Find every line below with the word "True" in it, and copy each one.

┄┄┄┄┄┄

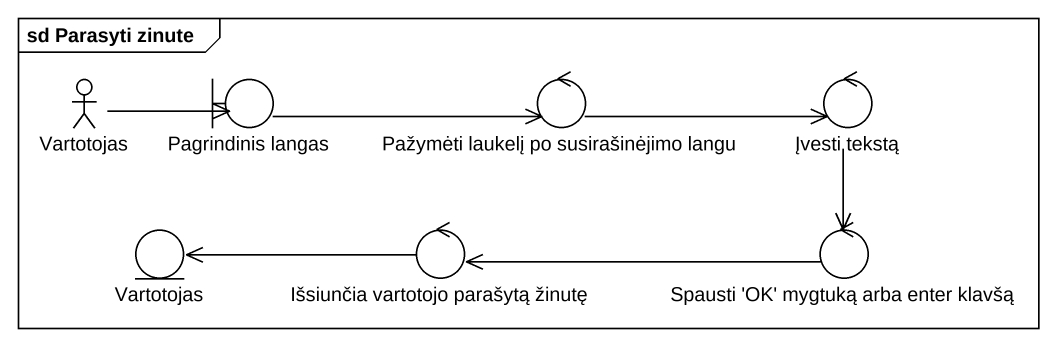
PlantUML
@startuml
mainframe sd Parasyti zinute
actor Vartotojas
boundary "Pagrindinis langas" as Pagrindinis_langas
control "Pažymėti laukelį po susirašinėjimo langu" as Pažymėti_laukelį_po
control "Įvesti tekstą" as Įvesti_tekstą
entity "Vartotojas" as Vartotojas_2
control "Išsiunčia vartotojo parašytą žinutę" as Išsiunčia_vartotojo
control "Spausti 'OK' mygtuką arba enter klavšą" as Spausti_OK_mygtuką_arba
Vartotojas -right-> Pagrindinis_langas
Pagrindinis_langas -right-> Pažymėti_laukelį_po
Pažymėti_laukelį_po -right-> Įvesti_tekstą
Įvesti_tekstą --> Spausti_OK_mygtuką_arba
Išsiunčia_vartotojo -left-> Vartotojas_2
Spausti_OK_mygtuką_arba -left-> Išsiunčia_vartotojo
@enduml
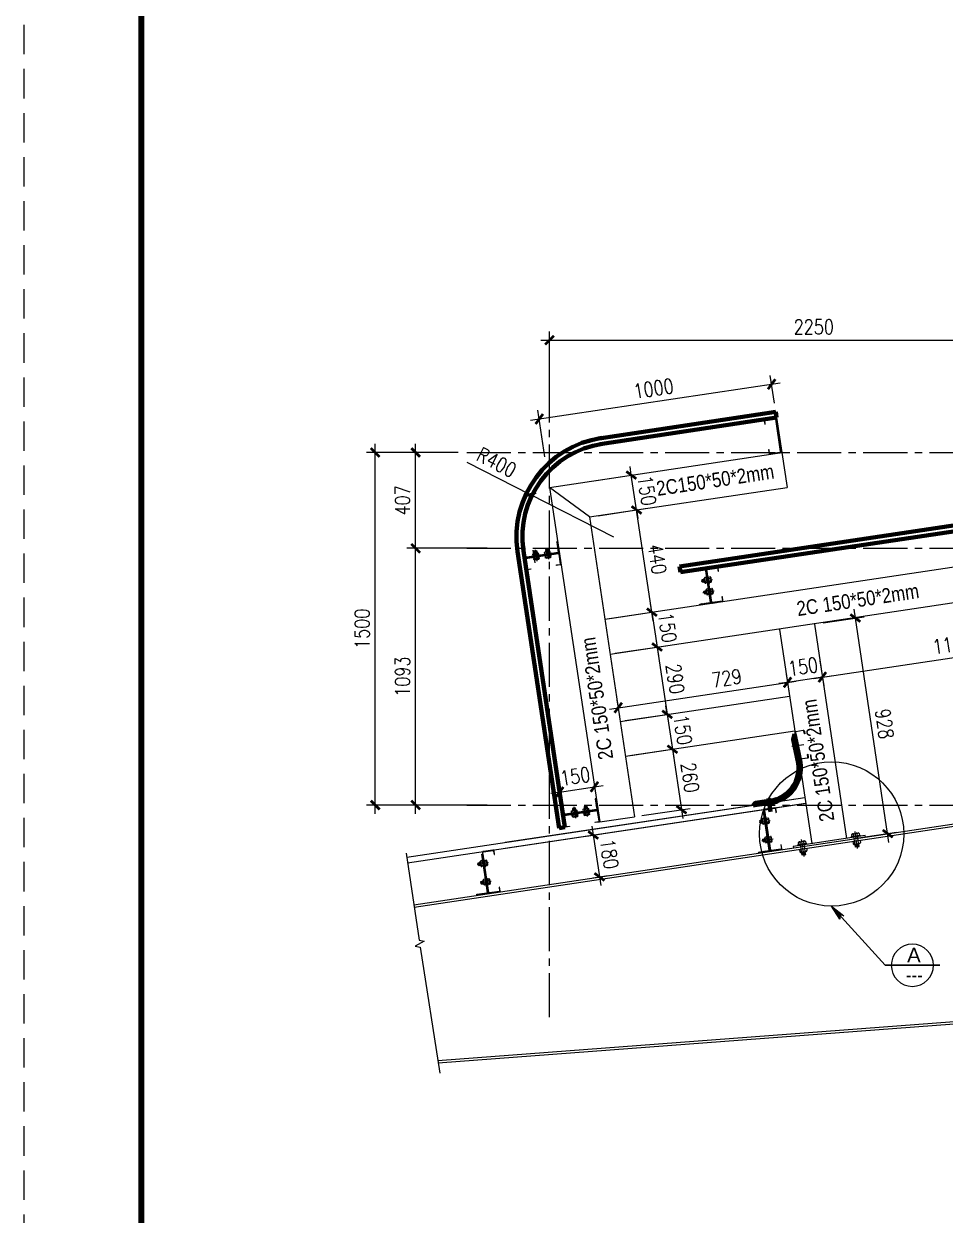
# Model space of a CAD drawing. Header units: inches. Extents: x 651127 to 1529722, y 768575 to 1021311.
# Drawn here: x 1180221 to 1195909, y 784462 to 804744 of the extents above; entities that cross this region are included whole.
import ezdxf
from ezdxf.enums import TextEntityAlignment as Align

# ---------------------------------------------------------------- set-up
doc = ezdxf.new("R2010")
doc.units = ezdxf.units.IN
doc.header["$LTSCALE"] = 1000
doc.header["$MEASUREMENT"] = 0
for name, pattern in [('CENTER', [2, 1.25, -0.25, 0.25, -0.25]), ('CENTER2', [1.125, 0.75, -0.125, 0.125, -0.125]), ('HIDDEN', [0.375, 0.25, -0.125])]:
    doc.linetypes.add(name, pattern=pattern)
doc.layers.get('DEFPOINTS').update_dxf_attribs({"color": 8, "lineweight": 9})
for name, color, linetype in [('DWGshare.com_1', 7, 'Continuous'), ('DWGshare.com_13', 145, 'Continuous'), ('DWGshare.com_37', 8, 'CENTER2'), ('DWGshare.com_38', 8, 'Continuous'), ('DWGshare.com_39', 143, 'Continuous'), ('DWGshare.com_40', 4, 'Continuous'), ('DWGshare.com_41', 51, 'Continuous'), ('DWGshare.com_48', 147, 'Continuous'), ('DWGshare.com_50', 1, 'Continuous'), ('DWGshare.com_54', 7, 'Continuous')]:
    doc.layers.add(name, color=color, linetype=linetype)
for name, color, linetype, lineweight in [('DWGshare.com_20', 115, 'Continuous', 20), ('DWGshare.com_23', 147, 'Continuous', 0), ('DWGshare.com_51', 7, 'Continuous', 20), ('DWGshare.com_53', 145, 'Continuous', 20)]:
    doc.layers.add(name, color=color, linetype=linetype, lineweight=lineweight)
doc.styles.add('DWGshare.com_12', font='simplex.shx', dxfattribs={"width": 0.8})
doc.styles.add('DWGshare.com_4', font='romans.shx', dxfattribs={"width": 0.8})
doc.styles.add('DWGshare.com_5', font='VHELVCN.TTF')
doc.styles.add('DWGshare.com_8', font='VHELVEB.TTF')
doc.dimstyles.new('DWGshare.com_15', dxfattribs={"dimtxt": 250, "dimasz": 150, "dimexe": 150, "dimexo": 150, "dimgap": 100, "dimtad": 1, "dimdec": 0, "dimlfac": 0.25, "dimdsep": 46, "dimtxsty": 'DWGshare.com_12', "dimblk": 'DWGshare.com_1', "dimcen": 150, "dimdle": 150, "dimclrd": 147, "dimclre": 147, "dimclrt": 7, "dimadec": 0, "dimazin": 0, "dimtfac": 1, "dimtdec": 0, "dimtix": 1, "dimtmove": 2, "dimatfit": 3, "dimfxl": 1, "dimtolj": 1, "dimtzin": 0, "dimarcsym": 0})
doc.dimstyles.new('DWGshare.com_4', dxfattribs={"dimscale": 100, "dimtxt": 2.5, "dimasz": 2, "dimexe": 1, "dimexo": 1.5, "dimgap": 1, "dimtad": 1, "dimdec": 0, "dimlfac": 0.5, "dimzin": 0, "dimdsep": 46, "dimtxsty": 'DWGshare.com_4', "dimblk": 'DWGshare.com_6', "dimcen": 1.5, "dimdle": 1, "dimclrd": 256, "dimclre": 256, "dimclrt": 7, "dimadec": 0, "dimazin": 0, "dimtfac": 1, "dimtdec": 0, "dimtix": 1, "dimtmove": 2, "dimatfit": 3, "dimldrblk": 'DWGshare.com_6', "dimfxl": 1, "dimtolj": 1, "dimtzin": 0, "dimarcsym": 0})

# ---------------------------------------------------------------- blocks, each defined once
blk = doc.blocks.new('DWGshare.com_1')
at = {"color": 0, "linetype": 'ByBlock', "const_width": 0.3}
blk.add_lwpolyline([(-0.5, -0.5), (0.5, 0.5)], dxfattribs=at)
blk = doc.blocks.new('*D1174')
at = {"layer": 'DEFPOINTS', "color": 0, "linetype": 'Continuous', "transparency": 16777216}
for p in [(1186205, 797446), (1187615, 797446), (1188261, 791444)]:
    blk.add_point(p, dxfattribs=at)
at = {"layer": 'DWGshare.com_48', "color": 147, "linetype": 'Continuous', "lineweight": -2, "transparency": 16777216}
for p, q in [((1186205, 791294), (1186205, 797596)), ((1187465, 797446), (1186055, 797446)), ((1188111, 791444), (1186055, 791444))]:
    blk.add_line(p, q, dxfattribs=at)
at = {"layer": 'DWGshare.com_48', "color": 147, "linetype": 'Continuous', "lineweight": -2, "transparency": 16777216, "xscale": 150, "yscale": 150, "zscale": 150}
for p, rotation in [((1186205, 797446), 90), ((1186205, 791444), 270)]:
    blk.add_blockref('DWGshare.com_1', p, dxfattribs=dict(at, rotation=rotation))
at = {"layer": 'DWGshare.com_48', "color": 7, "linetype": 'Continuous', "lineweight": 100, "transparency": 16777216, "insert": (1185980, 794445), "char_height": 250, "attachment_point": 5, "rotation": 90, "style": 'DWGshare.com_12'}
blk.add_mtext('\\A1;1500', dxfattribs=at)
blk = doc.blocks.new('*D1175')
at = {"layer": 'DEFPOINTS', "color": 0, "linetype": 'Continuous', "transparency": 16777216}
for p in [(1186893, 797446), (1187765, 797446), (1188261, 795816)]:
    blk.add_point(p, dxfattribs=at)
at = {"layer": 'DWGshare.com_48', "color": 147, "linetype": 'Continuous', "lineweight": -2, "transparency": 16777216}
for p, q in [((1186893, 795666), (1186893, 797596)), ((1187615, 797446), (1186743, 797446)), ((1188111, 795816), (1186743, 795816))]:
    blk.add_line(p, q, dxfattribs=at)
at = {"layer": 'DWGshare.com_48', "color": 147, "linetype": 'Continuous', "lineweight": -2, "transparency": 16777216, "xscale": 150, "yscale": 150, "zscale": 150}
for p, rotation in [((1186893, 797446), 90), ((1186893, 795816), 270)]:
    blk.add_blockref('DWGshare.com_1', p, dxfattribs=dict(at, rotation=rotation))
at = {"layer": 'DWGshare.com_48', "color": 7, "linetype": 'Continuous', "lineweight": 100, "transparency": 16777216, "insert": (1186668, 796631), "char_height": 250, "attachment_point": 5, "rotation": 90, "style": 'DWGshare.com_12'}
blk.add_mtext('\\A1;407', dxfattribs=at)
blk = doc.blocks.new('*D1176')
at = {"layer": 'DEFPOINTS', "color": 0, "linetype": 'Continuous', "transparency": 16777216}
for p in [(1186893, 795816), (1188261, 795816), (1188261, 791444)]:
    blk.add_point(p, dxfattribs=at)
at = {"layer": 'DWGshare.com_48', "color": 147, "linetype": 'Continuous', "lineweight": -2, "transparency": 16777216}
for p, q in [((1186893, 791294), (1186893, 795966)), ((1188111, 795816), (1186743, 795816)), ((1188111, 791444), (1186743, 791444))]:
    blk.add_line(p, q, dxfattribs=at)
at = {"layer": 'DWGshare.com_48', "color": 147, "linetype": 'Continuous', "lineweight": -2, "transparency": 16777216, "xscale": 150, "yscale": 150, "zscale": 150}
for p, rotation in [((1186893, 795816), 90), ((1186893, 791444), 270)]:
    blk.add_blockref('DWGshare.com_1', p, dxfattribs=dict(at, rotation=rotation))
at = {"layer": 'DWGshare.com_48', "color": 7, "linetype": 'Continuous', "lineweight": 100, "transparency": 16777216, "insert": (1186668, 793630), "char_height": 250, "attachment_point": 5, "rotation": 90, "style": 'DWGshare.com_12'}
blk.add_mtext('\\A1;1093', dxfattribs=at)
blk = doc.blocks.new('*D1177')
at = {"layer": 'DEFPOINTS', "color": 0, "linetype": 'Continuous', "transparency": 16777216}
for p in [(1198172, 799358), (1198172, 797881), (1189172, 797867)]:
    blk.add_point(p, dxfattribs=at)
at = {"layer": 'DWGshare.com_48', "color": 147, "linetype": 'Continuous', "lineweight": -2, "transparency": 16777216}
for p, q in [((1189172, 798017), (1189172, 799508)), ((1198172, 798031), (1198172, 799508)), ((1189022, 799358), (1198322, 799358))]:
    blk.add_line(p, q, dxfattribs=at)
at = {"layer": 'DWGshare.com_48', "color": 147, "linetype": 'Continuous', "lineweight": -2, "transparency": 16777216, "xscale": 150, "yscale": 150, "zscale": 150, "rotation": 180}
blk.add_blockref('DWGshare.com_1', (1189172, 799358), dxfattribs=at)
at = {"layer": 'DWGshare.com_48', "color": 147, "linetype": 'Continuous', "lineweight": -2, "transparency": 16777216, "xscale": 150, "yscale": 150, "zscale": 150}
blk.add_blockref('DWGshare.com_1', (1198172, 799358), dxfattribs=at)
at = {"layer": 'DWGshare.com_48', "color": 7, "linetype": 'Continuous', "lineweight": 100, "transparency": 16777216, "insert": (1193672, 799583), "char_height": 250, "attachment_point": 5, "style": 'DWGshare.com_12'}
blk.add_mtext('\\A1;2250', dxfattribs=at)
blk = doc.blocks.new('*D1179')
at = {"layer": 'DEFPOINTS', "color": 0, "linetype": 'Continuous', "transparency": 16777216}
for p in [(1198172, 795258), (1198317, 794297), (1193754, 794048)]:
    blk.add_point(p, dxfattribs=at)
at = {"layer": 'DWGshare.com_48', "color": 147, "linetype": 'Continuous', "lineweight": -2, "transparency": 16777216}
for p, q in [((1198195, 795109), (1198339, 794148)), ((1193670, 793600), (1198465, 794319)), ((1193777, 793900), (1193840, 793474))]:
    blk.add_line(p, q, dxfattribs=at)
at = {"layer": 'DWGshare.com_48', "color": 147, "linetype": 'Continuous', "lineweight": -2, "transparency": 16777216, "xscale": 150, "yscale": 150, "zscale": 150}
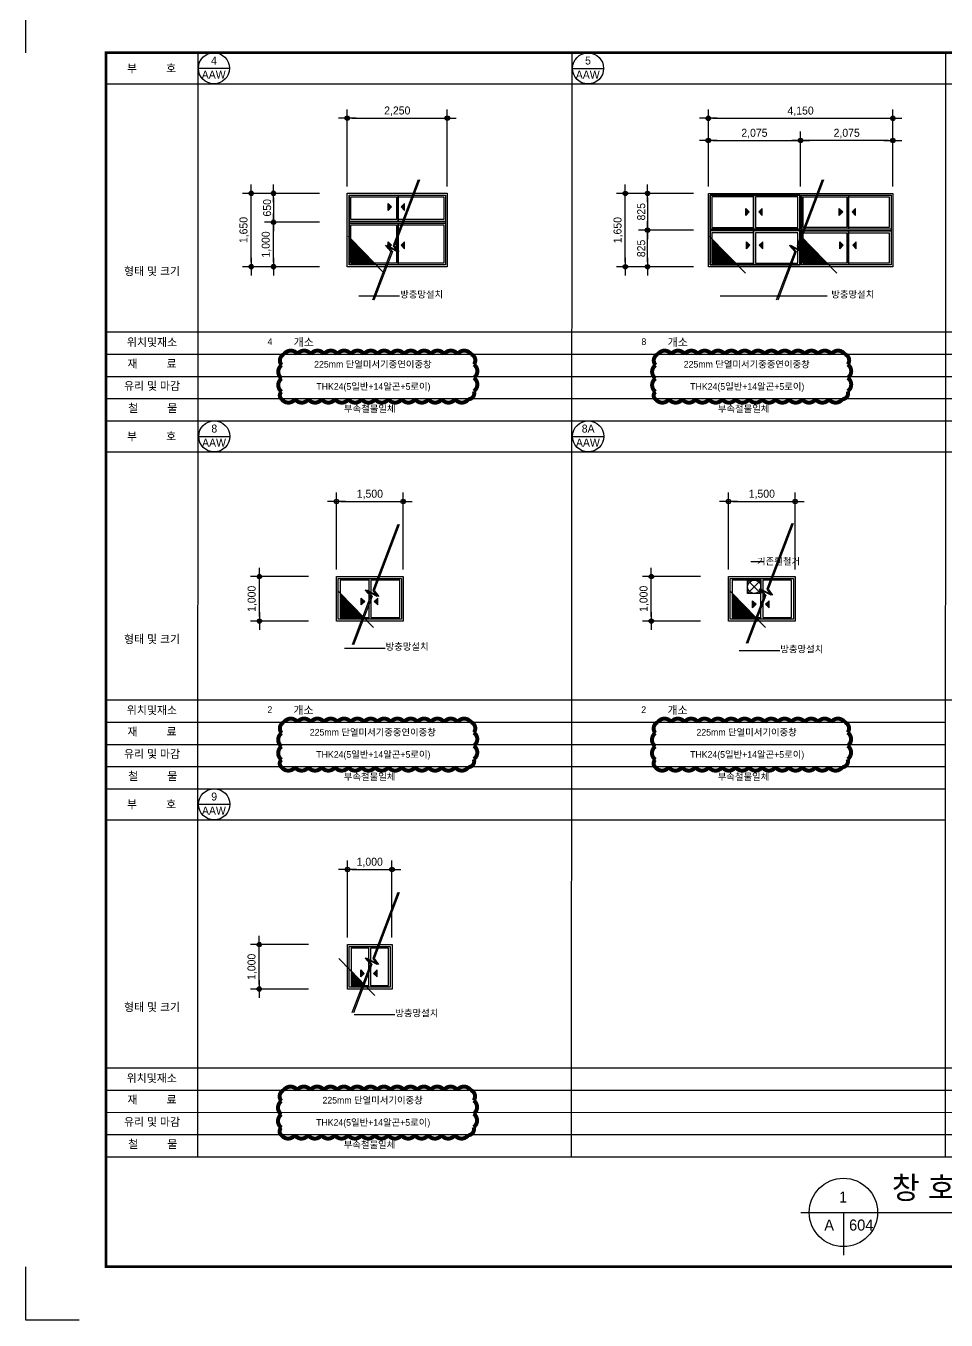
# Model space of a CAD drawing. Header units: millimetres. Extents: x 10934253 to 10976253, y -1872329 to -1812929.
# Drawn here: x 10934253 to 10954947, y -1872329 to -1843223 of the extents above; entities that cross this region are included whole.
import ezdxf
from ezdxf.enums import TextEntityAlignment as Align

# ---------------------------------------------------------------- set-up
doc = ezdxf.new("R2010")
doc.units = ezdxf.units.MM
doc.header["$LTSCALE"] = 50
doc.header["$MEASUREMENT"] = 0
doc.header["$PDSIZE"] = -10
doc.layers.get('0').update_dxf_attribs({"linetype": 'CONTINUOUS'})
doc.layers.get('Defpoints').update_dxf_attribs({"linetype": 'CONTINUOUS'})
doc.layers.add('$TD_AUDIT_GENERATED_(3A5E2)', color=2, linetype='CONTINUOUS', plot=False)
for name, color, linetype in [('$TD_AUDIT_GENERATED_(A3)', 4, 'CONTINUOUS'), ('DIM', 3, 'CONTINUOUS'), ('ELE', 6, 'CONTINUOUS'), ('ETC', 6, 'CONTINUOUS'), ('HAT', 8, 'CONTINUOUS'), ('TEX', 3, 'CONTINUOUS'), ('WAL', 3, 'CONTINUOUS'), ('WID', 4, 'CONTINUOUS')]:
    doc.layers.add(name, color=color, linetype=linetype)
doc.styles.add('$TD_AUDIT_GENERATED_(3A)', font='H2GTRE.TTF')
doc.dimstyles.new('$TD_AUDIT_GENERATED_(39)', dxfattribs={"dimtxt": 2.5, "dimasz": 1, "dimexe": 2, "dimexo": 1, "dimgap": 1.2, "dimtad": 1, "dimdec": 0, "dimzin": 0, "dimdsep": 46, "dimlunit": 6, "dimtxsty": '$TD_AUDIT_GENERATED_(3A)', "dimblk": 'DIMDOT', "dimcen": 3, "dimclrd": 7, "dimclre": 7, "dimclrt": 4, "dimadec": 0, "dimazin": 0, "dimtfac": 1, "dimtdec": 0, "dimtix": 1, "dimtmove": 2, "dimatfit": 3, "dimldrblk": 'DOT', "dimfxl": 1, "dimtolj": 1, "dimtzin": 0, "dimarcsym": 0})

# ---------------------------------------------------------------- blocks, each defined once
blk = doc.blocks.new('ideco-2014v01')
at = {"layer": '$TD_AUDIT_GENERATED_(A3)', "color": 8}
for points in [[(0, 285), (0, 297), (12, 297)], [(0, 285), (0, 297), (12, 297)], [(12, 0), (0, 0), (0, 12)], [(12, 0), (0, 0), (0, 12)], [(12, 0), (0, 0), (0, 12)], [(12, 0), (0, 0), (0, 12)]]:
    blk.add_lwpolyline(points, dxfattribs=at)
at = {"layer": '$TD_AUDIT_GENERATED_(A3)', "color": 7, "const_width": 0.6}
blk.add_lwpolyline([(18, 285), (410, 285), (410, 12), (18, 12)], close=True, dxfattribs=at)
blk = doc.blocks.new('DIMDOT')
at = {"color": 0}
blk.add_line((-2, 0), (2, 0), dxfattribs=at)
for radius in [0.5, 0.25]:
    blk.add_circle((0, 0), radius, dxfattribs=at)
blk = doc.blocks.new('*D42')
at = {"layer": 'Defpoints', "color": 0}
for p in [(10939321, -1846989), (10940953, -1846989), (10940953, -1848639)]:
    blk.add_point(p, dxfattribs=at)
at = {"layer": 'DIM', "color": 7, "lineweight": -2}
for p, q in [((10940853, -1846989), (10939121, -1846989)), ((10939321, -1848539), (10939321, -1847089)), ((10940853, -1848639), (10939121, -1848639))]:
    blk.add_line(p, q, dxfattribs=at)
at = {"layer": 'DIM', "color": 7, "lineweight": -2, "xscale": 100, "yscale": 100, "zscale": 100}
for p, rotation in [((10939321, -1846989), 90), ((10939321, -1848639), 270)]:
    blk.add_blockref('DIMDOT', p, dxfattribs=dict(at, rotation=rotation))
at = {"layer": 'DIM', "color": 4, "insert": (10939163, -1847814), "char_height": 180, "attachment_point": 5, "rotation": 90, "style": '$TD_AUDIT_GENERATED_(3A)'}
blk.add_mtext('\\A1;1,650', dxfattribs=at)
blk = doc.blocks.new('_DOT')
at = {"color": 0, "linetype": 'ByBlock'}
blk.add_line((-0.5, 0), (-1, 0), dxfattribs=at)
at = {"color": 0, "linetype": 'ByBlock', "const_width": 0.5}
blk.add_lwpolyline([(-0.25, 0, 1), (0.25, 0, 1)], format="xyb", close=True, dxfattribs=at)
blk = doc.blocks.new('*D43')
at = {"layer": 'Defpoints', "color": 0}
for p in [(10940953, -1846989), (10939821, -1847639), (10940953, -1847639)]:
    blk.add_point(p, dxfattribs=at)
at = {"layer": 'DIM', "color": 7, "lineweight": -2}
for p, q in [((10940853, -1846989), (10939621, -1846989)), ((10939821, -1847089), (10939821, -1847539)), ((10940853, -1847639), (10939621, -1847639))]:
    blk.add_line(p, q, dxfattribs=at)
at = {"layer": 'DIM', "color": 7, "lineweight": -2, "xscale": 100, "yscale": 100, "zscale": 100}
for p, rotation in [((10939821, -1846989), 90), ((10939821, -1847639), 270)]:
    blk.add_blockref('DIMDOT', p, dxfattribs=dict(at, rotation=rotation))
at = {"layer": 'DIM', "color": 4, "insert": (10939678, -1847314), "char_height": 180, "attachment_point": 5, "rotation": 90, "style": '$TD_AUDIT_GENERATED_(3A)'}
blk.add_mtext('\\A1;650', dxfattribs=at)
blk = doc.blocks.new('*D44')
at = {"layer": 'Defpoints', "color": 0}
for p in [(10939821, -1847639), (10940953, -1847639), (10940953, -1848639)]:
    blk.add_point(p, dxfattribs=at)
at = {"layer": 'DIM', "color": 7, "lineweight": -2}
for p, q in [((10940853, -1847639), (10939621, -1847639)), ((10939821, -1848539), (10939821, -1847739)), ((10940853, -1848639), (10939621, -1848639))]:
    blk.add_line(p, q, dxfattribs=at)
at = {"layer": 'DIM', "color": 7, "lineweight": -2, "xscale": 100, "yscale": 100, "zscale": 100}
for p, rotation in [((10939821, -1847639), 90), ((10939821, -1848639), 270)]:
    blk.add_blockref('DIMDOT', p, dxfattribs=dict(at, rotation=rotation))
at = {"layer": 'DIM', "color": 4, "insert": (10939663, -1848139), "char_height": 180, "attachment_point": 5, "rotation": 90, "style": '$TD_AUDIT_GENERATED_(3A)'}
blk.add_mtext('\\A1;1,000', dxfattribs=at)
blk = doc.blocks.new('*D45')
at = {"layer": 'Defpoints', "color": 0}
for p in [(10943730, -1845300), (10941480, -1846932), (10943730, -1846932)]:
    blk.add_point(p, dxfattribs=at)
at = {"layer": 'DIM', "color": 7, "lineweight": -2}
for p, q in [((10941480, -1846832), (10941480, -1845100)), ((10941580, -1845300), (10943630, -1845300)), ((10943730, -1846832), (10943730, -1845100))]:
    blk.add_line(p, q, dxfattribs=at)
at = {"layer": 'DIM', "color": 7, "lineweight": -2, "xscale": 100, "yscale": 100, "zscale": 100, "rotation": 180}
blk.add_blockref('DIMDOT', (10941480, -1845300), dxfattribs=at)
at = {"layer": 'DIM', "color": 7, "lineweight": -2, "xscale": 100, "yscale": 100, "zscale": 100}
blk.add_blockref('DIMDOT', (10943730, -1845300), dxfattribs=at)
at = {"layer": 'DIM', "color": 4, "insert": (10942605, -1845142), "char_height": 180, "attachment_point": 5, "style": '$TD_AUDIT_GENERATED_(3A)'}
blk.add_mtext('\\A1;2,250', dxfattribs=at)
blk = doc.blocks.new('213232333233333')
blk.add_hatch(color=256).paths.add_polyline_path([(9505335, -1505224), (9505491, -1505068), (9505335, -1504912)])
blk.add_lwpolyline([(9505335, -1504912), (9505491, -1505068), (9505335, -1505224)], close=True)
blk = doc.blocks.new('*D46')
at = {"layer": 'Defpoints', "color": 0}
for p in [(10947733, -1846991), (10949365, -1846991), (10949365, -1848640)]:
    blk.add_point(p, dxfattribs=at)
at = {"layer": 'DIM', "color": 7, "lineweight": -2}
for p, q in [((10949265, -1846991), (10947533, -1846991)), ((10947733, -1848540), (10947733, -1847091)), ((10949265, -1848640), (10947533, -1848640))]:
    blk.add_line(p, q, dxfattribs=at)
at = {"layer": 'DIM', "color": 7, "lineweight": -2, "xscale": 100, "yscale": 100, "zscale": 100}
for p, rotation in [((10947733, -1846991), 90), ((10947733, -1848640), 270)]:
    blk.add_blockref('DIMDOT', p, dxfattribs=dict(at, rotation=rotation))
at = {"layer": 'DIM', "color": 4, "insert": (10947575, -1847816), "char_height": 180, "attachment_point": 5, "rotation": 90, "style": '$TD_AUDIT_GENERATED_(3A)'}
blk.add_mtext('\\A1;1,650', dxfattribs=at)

┄┄┄┄┄┄

Response area:
blk.add_lwpolyline([(18, 285), (410, 285), (410, 12), (18, 12)], close=True, dxfattribs=at)
blk.add_lwpolyline([(-0.25, 0, 1), (0.25, 0, 1)], format="xyb", close=True, dxfattribs=at)
blk.add_lwpolyline([(9505335, -1504912), (9505491, -1505068), (9505335, -1505224)], close=True)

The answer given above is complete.